This week in the year of the British Queen’s Platinum Jubilee, which celebrates 70 years of her reign, has seen the monarchy’s colonialist past come back to haunt it. Tuesday was the memorial to Prince Philip, what was not remembered at this event was his long history of racist slurs and remarks. Whilst he was alive these were brushed aside by the right-wing mainstream media as cheeky gaffes, and with his death they were conveniently forgotten. Since his burial in April last year the British Royal Family may have hoped that it laid to rest an outdated and controversial aspect of itself. However, a few days before this memorial took place Prince William and Kate (the Duke and Duchess of Cambridge) returned from a disastrous royal tour which brought with it calls for an apology and reparations for the monarchy’s historic links to slavery and colonialism.

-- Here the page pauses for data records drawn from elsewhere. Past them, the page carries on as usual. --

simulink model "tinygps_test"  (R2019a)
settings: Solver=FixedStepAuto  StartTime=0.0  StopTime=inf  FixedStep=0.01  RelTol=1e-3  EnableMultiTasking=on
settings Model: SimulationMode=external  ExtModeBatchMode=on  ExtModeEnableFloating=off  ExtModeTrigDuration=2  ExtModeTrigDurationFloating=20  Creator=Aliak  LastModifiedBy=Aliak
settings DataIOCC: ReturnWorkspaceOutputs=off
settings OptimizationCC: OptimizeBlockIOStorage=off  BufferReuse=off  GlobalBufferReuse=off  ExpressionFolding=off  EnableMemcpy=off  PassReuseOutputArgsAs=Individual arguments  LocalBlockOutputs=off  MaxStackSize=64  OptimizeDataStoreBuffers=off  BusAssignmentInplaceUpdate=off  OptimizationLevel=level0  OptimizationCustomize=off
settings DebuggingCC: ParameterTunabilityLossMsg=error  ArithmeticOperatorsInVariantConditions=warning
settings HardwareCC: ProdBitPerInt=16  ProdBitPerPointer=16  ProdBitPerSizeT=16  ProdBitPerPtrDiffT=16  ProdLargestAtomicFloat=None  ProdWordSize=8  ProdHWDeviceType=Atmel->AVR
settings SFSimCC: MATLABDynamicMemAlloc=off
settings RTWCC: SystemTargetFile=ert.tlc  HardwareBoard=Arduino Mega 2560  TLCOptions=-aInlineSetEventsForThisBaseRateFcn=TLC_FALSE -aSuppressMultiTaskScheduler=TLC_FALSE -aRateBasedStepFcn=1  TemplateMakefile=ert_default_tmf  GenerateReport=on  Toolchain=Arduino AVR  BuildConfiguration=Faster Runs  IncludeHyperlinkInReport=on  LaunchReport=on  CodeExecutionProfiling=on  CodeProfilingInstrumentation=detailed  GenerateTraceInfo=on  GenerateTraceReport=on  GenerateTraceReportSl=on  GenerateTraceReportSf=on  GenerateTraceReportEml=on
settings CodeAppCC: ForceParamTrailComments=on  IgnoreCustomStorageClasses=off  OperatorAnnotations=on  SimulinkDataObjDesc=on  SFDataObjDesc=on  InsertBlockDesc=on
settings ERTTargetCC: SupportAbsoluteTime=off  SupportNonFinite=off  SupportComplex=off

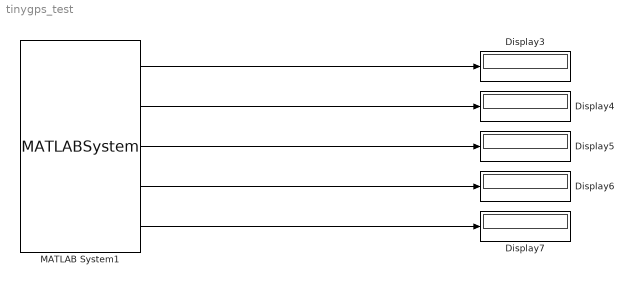
== system tinygps_test ==
  Display{3..7} (5 alike) : Display
  MATLAB System1 : MATLABSystem  System=TinyGPS  SimulateUsing=Code generation
      mask Type: TinyGPS
      mask Display:
      | disp('TinyGPS');
      | port_label('output',1,'lat');
      | port_label('output',2,'lon');
      | port_label('output',3,'speed');
      | port_label('output',4,'course');
      | port_label('output',5,'alt');
  wires:
  MATLAB System1/3 -> Display5/1
  MATLAB System1/5 -> Display7/1
  MATLAB System1/4 -> Display6/1
  MATLAB System1/2 -> Display4/1
  MATLAB System1/1 -> Display3/1

Whilst in Jamaica, on the second stop of the royal trip, Prince William said in a speech that the slave trade “stains our history”, but what does he mean by “our history”? The British people as a whole? Whilst the British public undoubtably benefitted from slavery as the suffering and misery of enslaved people laid the industrial foundations of modern Britain, the benefits they received are nothing compared to the gains and privileges reaped by the British Royal family which echo to this day.
Under King Charles II the monarchy funded and profited from the African slave trade through organisations such as the Royal African Company, which shipped more enslaved Africans to the Americas than any other organisation during the transatlantic slave trade. The Royal family’s connection to slavery is nowhere clearer that when enslaved Africans were branded with the initials ‘D.Y.’ for ‘Duke of York’, after King Charles’s brother James (later King James II) who helped to establish the Royal African Company. The entwined nature of the British Royal family and colonialism is shown by one of the most famous assets the monarchy gained from its imperialism, the Indian Koh-i-Noor diamond. This is one of the largest cut diamonds in the world and became part of the British Crown Jewels, it also represents a perfect metaphor for the inability of the monarchy to provide reparations for its past actions. By removing the diamond from the crown or paying the vast cost of reparations it would destroy the very privilege and power that royalty is built upon.
Furthermore, an apology from the monarchy for its role in colonization and slavery is highly unlikely as the same philosophy that underpinned the reasoning for slavery, colonialism and racism is also foundational to the existence of royalty. This is the idea that certain people are worth more than others due to the circumstances of their birth, i.e a princess is worthy of her unearned privileges by being the child of a King and a Queen. Inversely certain groups of people should be made the colonial subjects of Britain as they were born as ‘savages’ and the color of their skin determined their life chances. Whilst this idea died out for colonialism (or some would say killed by the anti-colonial struggle) many people are beginning to question why it has not ended for royalty in a society that is said to be meritocratic. Without the removal of this philosophy it stops Britain in its tracks on the path to equality.